WMBC is a nonprofit focused on preserving and enhancing mountain bike trail access in Whatcom County through stewardship, education and advocacy, according to its website. Freehub Magazine is an independently owned and community driven quarterly mountain bike magazine.
In 2015, Georgia-Pacific West was demolished and the Port of Bellingham started development at the downtown waterfront. Brown and Watts met with Port of Bellingham executive director Rob Fix to get a tour of the property. With a tentative idea in mind, Brown and Watts ran their festival idea by Fix. A fellow mountain biker, Fix said he was interested, and they kept the conversation going over the years.

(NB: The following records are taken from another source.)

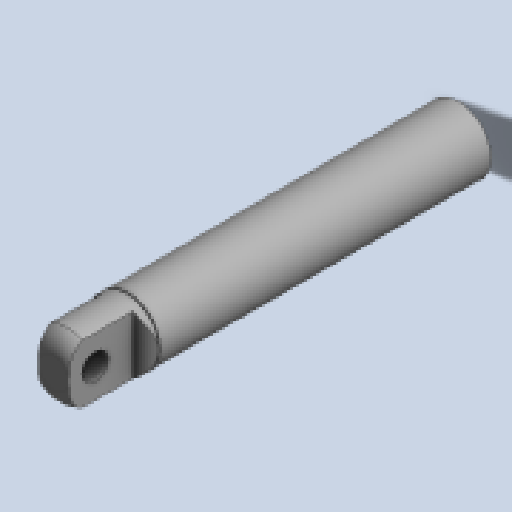
# Autodesk Inventor part: 1610-50H-2KG-12V-B07-Shaft
Saved by Autodesk Inventor 2025.2 (Build 292293000, 293)
## iProperties
Created: 2026-01-24
Part Number: 1610-50H-2KG-12V-B07-Shaft
Material: Generic
Document SubType Name: Modeling
Designer: valer
Density: 1 g/cm^3
Appearance: Default
Author: valer
Autodesk Inventor part; units mm, degrees
ref_plane "YZ Plane" through (0, 0, 0) normal (1, 0, 0) x (0, 1, 0)
ref_plane "XZ Plane" through (0, 0, 0) normal (0, 1, 0) x (-1, 0, 0)
sketch "Rod" plane through (0, 0, 0) normal (0, 0, 1) x (1, 0, 0)
  circle A0 centre (0, 0) radius 5
  dimension "d0" = 10
  constraints: 1 centre point, 1 coincident
  measures "d0" diameter of A0
extrude "RodFeature" add sketch "Rod" along normal blind 50.5
ref_plane "RodEndPlane" through (0, 0, 50.5) normal (0, 0, 1) x (1, 0, 0)
sketch "RodEnd" plane through (0, 0, 50.5) normal (0, 0, 1) x (1, 0, 0)
  circle A0 centre (0, 0) radius 5 projected
extrude "RodEndFeature" add sketch "RodEnd" along normal blind 11
sketch "RodEndTip" plane through (0, 0, 0) normal (1, 0, 0) x (0, 1, 0)
  line L0 (5, 0) -> (5, 61.5)
  line L1 (5, 61.5) -> (-5, 61.5)
  line L2 (-5, 0) -> (-5, 61.5)
  arc A0 (5, 59.5) -> (2, 61.5) centre (2.169876, 58.504813) ccw
  line L3 (0, -12.300193) -> (0, 73.801157) construction
  arc A1 (-2, 61.5) -> (-5, 59.5) centre (-2.169876, 58.504813) ccw
  point P0 (0, 0)
  point P1 (-5, 59.5)
  point P2 (-2.339751, 61.5)
  point P3 (2.339751, 61.5)
  dimension "d6" = 3
  dimension "d7" = 2
  dimension "d8" = 3
  constraints: 4 point on circle, 3 symmetric about line, 2 centre point, 2 point on line, 1 other
  measures "d6" horizontal distance of A0.end A0.start
  measures "d7" distance of L0.end A0.start
  measures "d8" radius of A0
sketch "RodEndTip outline for RodEndTipFeature" plane through (0, 0, 0) normal (1, 0, 0) x (0, 1, 0)
  arc A0 (-5, 59.5) -> (-2.339751, 61.5) centre (-2.169876, 58.504813) cw
  line L0 (-5, 61.5) -> (-5, 59.5)
  line L1 (-2.339751, 61.5) -> (-5, 61.5)
  arc A1 (2.339751, 61.5) -> (5, 59.5) centre (2.169876, 58.504813) cw
  line L2 (5, 61.5) -> (2.339751, 61.5)
  line L3 (5, 59.5) -> (5, 61.5)
revolve "RodEndTipFeature" cut sketch "RodEndTip outline for RodEndTipFeature" angle 360 about axis through (0, 0, -10) along (0, 0, 1)
sketch "RodEndProfile" plane through (0, 0, 0) normal (0, 1, 0) x (-1, 0, 0)
  line L0 (2.339751, 61.5) -> (-2.339751, 61.5)
  line L1 (-5, 59.5) -> (5, 59.5)
  line L2 (-5, 59.5) -> (5, 59.5)
  line L3 (5, 0) -> (-5, 0)
  line L4 (-2.339751, 61.5) -> (2.339751, 61.5)
  line L5 (2.339751, 61.5) -> (2.339751, 50.5)
  line L6 (2.339751, 50.5) -> (-2.339751, 50.5)
  line L7 (-2.339751, 50.5) -> (-2.339751, 61.5)
  line L8 (-7.423886, 50.5) -> (7.423886, 50.5)
  arc A0 (-2.339751, 61.5) -> (-5, 59.5) centre (-2.169876, 58.504813) ccw
  arc A1 (5, 59.5) -> (2.339751, 61.5) centre (2.169876, 58.504813) ccw
  line L9 (5, 0) -> (5, 59.5)
  line L10 (-5, 0) -> (-5, 59.5)
  arc A2 (5, 50.5) -> (2.339751, 51.83) centre (2.339751, 48.504503) ccw
  line L11 (0, -12.280546) -> (0, 73.683275)
  arc A3 (-2.339751, 51.83) -> (-5, 50.5) centre (-2.339751, 48.504503) ccw
  line L12 (2.339751, 51.83) -> (-2.339751, 51.83) construction
  point P0 (0, 0)
  point P1 (5, 50)
  point P2 (-2.339751, 51.83)
  dimension "d10" = 4.6795
  dimension "d13" = 1.33
  constraints: 10 end point, 4 point on circle, 4 point on line, 3 symmetric about line, 2 centre point, 2 horizontal, 2 parallel, 1 collinear, 1 perpendicular, 1 tangent, 1 other
  measures "d10" distance between parallel lines of L5 L7
  measures "d13" distance between parallel lines of L6 L12
extrude "RodEndProfileFeature" cut sketch "RodEndProfile" along normal through all both and the other way through all contours A1 L1 L5 | L1 L9 A2 L5 | L7 L1 A0 | L7 A3 L10 L1
sketch "RodEndEtch" plane through (0, 0, 50.5) normal (0, 0, 1) x (1, 0, 0)
  circle A0 centre (0, 0) radius 5 projected
  circle A1 centre (0, 0) radius 4.75
  dimension "d14" = 0.25
  constraints: 1 centre point, 1 coincident
  measures "d14" radial gap between concentric circles of A1 A0
extrude "RodEndEtchFeature" cut sketch "RodEndEtch" against normal blind 0.25
sketch "RodEndHole" plane through (2.339751, -4.418774, 51.83) normal (1, 0, 0) x (0, 0, -1)
  line L0 (64.130968, 4.418774) -> (-21.975807, 4.418774) construction
  line L1 (-3.67, 6.418774) -> (-7.67, 6.418774)
  line L2 (-7.67, 6.418774) -> (-7.67, 2.418774)
  line L3 (-7.67, 2.418774) -> (-3.67, 2.418774)
  line L4 (-3.67, 2.418774) -> (-3.67, 6.418774)
  line L5 (-3.67, 6.418774) -> (-7.67, 2.418774) construction
  line L6 (-7.67, 6.418774) -> (-3.67, 2.418774) construction
  line L7 (-9.67, 4.418774) -> (-9.67, 2.079023)
  point P0 (51.83, 4.418774)
  point P1 (-5.67, 4.418774)
  dimension "d17" = 2
  dimension "d18" = 4
  constraints: 12 end point, 2 midpoint, 2 parallel, 2 perpendicular, 1 horizontal, 1 point on line
  measures "d17" distance between parallel lines of L7 L2
  measures "d18" distance of L1.end L2.end
hole "RodEndHoleFeature" at (2.339751, 0, 57.5) direction (-1, 0, 0) diameter 4 end through all
body "Solid1"

The City of Bellingham announced its signature event grant in December 2014, and Brown, Watts and a couple other local businesses pitched the idea of a mountain bike, beer and music festival in 2015. Brown and Watts said thankfully they lost that grant, because the waterfront area needed more work and development to host a festival.
The port approved WMBC’s development of the pump track in 2019, which grew to what it is now — multiple pump tracks, jump lines and a skills course — during the design process. Then the team assembled again with more businesses and key figures like music director Hunter Motto of Seattle music venue The Crocodile and former Downtown Bellingham Partnership director Nick Hartrich onboard. This time they won the grant, and the festival was supposed to be held in June 2020.
Brown said they canceled those plans in late-February 2020 due to the Covid-19 pandemic. Cases were rising in Europe while the U.S. had yet to implement shutdowns. It was postponed for the foreseeable future.
In the interim, Kulshan’s Trackside Beer Garden opened its 25,000-square-foot outdoor area on the south side of the Waterfront District in June 2021, and the container village followed shortly after.
In early 2022 Brown said they decided to make it happen, although still in the midst of the pandemic. With the festival scheduled for July 8-10, he said it wasn’t until spring 2022 when planning really began, and the team brought on staff and went full gas to make it happen.
Brown said the festival sold 3,600 tickets last year, with 800 people coming from outside their 50-mile tourism radius. They hope to double that this year.
“We’ve been working on this for awhile, I guess is what it comes down to,” Watts said. “We’re already facilitating a lot of our goals tied to our mission. And it’s already generating these pieces for the community. Which is the reason Eric and I live here and take part in this, and want to do this event, and want this event to be successful.”